Martyn Paley is an Emeritus Professor of Biomedical Imaging at the University of Sheffield in the Department of Infection, Immunity and Cardiovascular Disease and is also an independent MRI consultant. https://www.sheffield.ac.uk/medicine/people/iicd/martyn-paley He has been involved with Nuclear Magnetic Resonance (NMR) and Magnetic Resonance Imaging and Spectroscopy (MRI/S) since 1973 when he studied Physics as both an undergraduate and postgraduate at Nottingham University, where MRI was initially developed. He then worked in industry for a number of companies in physics and engineering research including Rolls-Royce Aero-Engines (Combustion Engineering), Kodak (Colour Physics) and Picker International (MRI/S) in both the UK and the USA where he helped develop the first generation of commercial MRI scanners during the 1980’s.

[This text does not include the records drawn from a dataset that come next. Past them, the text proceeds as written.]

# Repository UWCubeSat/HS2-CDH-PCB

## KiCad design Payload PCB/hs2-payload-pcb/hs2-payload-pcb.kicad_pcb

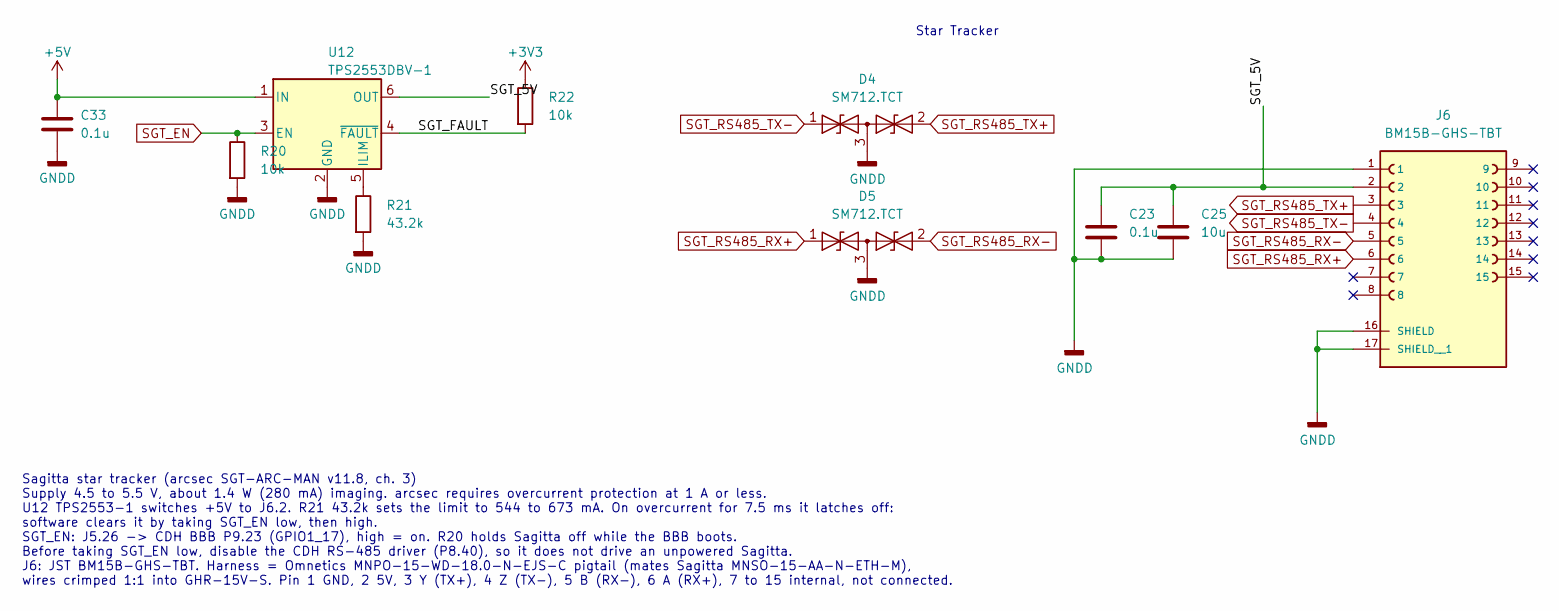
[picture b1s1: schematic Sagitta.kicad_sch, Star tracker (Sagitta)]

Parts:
C23, C33: 0.1u; C_0603_1608Metric
C25: 10u; C_0603_1608Metric
D4, D5: SM712.TCT; SOT-23; MPN SM712.TCT
J6: BM15B-GHS-TBT; BM15BGHSTBTLFSN; PARTREV B
R20, R22: 10k; R_0603_1608Metric
R21: 43.2k; R_0603_1608Metric
U12: TPS2553DBV-1; SOT-23-6; MPN TPS2553DBVR-1

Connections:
+3V3: R22.1; also elsewhere on the board
+5V: C33.1, U12.1 (IN); also elsewhere on the board
/Sagitta/SGT_5V: C23.1, C25.1, J6.2, U12.6 (OUT)
/Sagitta/SGT_FAULT: R22.2, U12.4 (~FAULT)
GNDD: C23.2, C25.2, C33.2, D4.3 (common), D5.3 (common), J6.1, J6.16 (SHIELD), J6.17 (SHIELD__1), R20.2, R21.2, U12.2 (GND); also elsewhere on the board
unnamed: R21.1, U12.5 (ILIM)
SGT_EN: R20.1, U12.3 (EN); also elsewhere on the board
SGT_RS485_RX+: D5.1 (A1), J6.6; also elsewhere on the board
SGT_RS485_RX-: D5.2 (A2), J6.5; also elsewhere on the board
SGT_RS485_TX+: D4.2 (A2), J6.3; also elsewhere on the board
SGT_RS485_TX-: D4.1 (A1), J6.4; also elsewhere on the board

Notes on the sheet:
Star Tracker
Sagitta star tracker (arcsec SGT-ARC-MAN v11.8, ch. 3) Supply 4.5 to 5.5 V, about 1.4 W (280 mA) imaging. arcsec requires overcurrent protection at 1 A or less. U12 TPS2553-1 switches +5V to J6.2. R21 43.2k sets the limit to 544 to 673 mA. On overcurrent for 7.5 ms it latches off: software clears i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

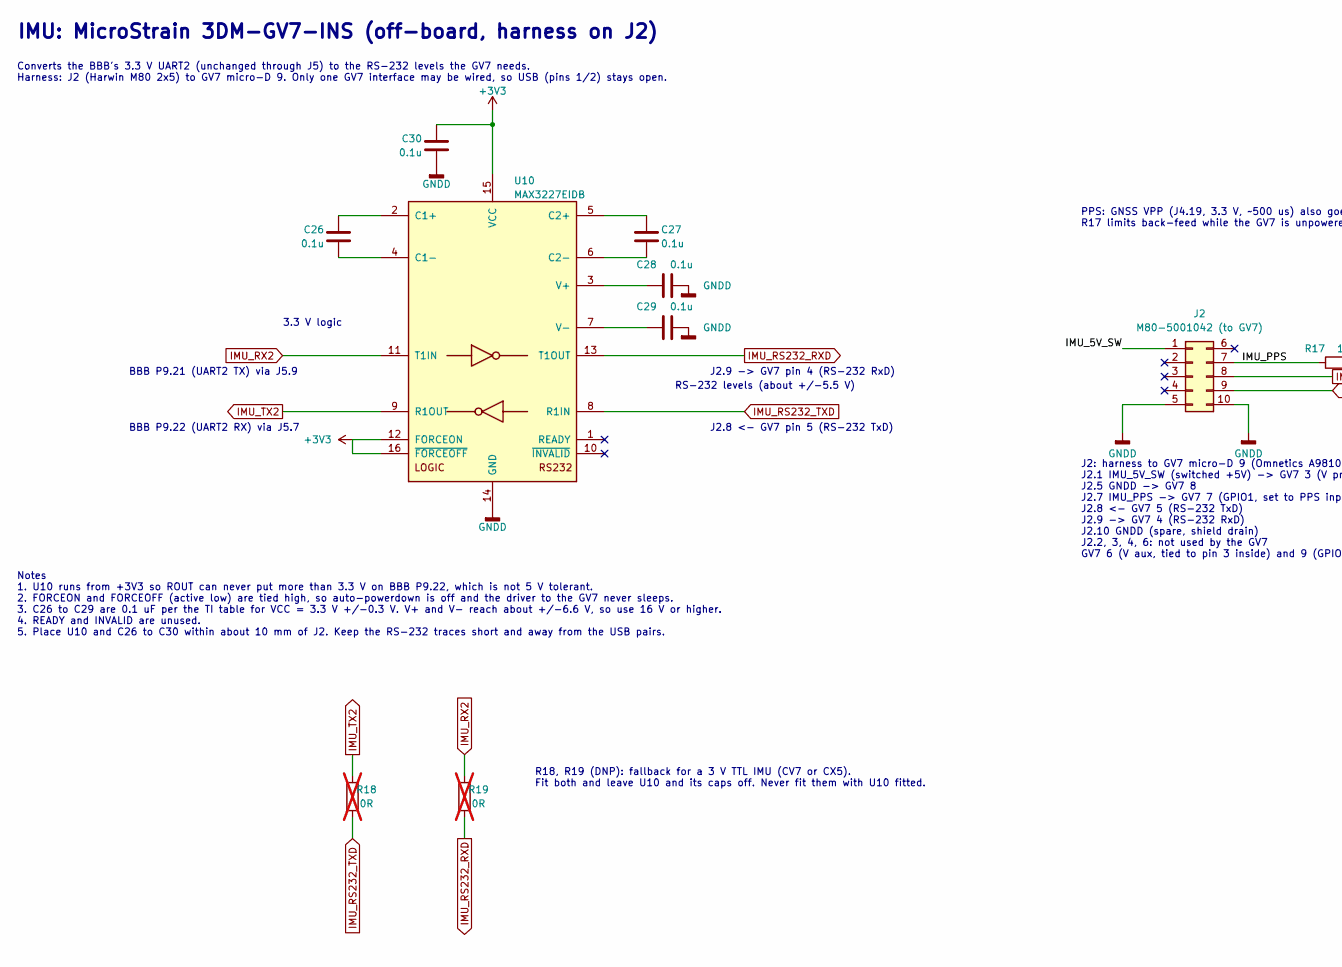
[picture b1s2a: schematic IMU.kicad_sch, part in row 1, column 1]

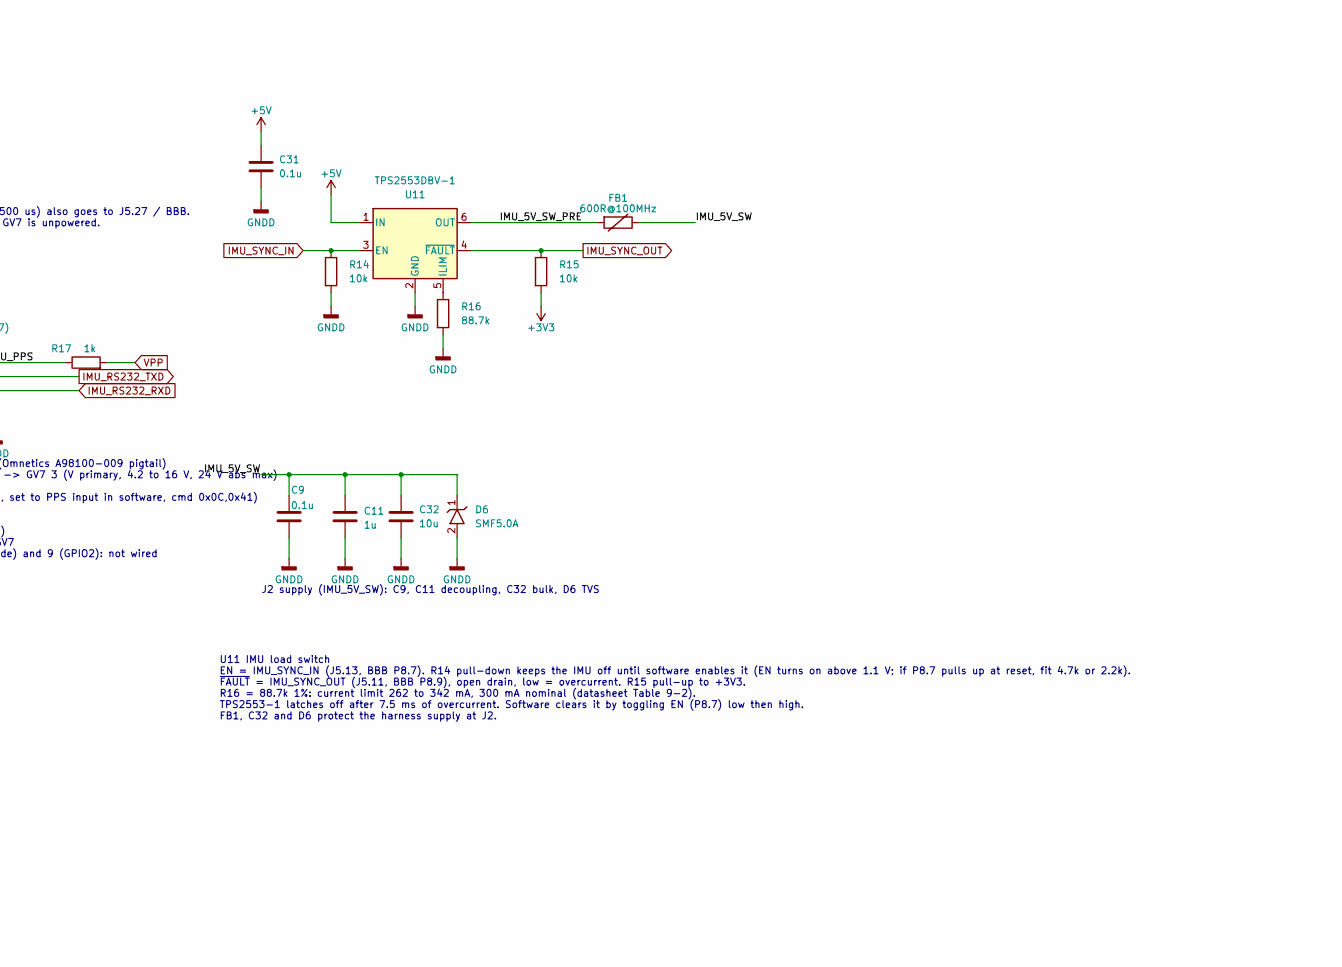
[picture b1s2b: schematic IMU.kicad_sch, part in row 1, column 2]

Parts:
C9, C26, C27, C28, C29, C30, C31: 0.1u; C_0603_1608Metric
C11: 1u; C_0603_1608Metric
C32: 10u; C_0805_2012Metric
D6: SMF5.0A; D_SMF; MPN SMF5.0A
FB1: 600R@100MHz; L_0805_2012Metric
J2: M80-5001042 (to GV7); Harwin-M80-5001042-0-0-MFG
R14, R15: 10k; R_0603_1608Metric
R16: 88.7k; R_0603_1608Metric
R17: 1k; R_0603_1608Metric
R18, R19: 0R; R_0402_1005Metric; not fitted
U10: MAX3227EIDB; SSOP-16_5.3x6.2mm_P0.65mm; MPN MAX3227EIDBR
U11: TPS2553DBV-1; SOT-23-6; MPN TPS2553DBVR-1

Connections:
+3V3: C30.1, R15.2, U10.12 (FORCEON), U10.15 (VCC), U10.16 (~FORCEOFF); also elsewhere on the board
+5V: C31.1, U11.1 (IN); also elsewhere on the board
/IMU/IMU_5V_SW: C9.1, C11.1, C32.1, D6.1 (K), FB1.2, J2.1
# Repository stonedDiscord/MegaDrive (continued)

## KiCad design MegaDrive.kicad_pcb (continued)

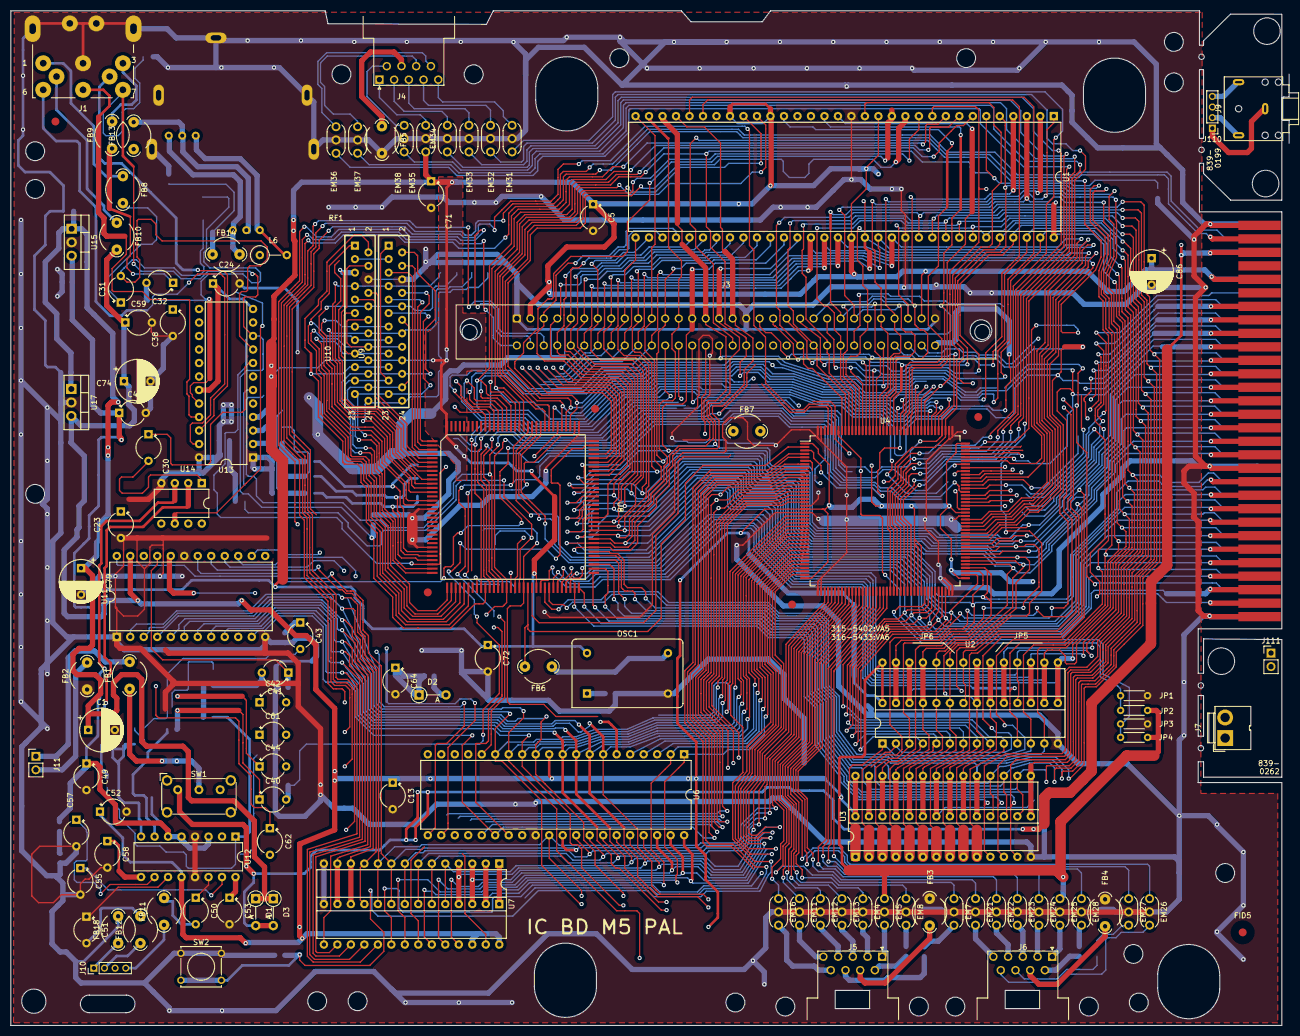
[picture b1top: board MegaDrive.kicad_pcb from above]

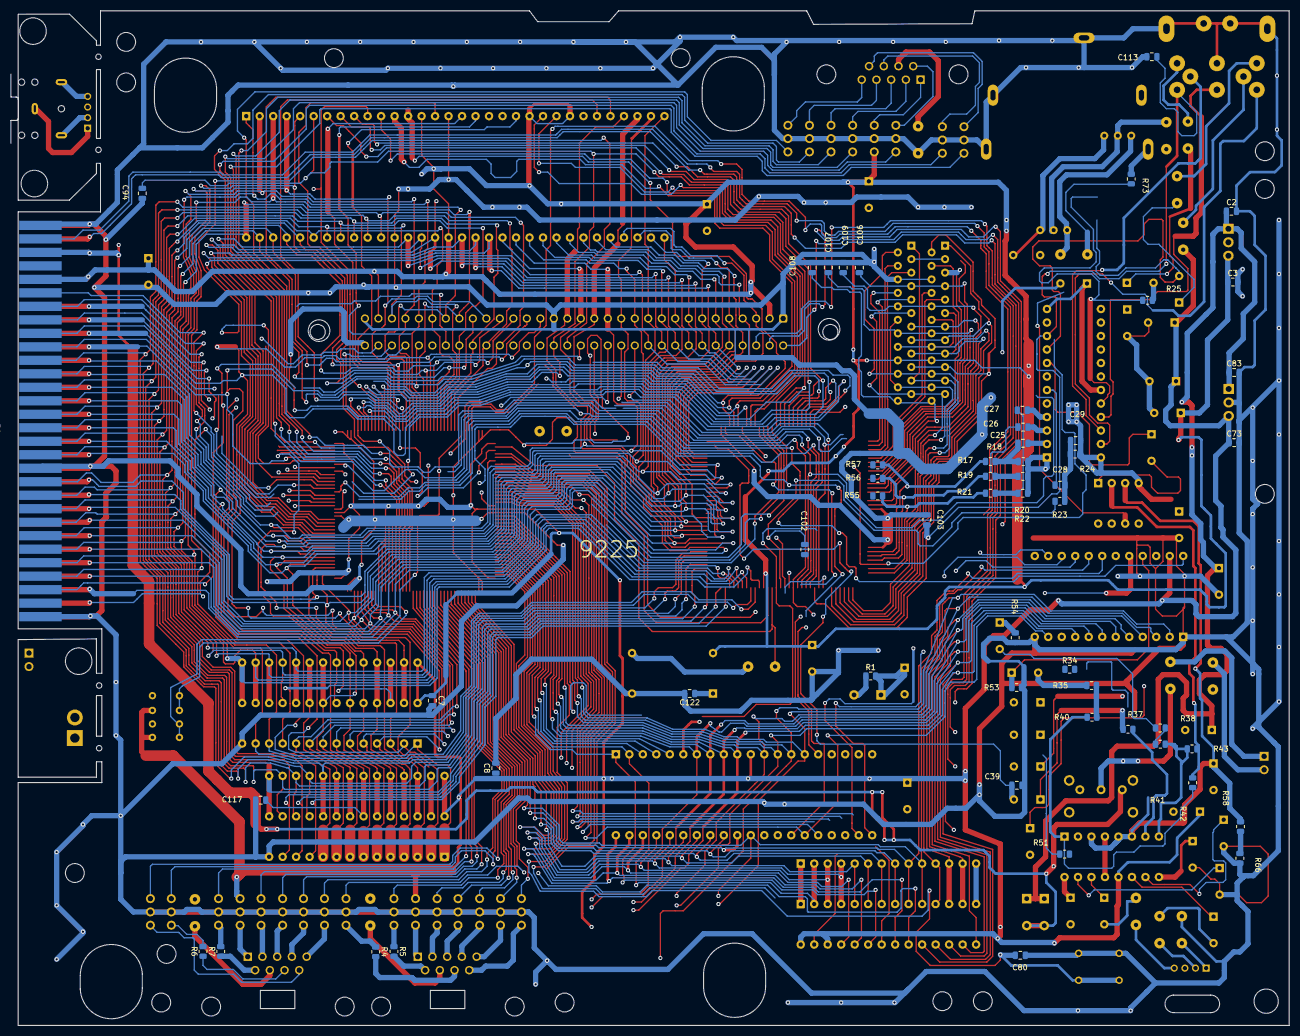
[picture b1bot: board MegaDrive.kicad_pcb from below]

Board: 2 copper layers, 240.6 x 191.0 mm, 170 parts (55 on the bottom side), 244 nets.

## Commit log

2024-02-23 init
2024-03-03 finalize
2024-03-03 measurements on wrong layer
2024-03-03 pour on the audio board
2024-03-05 fix hole overlap
2024-03-13 use D-sub connctors that can be ordered
2024-03-14 missing resistor and bom fixup
2024-03-20 fix some cap values and probably mess some up
2024-03-22 add silkscreen so no one else rotates their vdp
2025-05-02 linguist override
2025-05-02 do not try this footprint trick
2025-12-30 larger qfp footprint
2025-12-30 missing zclk connection
2025-12-30 cant recommend getting this done by a board house

He left industry for academia in 1991, establishing an MR physics research group at University College London to investigate neurological MRIS as well as the development of interventional MRI. He joined the University of Sheffield in 1997 and has been involved in setting up research from advanced functional MRI to neonatal and in-utero imaging and hyperpolarised gas and fluid enhanced MRI/S. His major research interest is MR physics and engineering and he has designed complete specialised MR scanners including hardware, software and imaging sequences for orthopaedic and neonatal imaging. The Niche orthopaedic and neonatal MRI system which he developed and commercialised internationally was used to scan many babies in the NICU in Sheffield for almost twenty years and is now featured in the new Wellcome Medical Gallery at the National Science Museum in London. This dedicated MRI system received regulatory clearance from the US FDA for extremity and neonatal MRI use in 1996. He has published around 200 peer reviewed papers and 5 patents in the fields of NMR and MRI, including one for the complete specialised MRI system. According to Google Scholar, he has over 6500 paper citations, a h-index of 44 and an I10-index of 109.

Yasmin Surani

Yasmin Surani is a PhD student shared between King’s College London and Public Health England. A Natural Scientist by training, Yasmin is now applying her skills and experience to issues surrounding human health. Yasmin has worked with a first aid charity in the past, and has experience volunteering with horses at a local riding school and with people at events. Yasmin joined the Radiological Research Trust in January 2020 to help with admin duties. This means she mans the mailbox, keeps our followers up to date on social media, and coordinates the grant application process.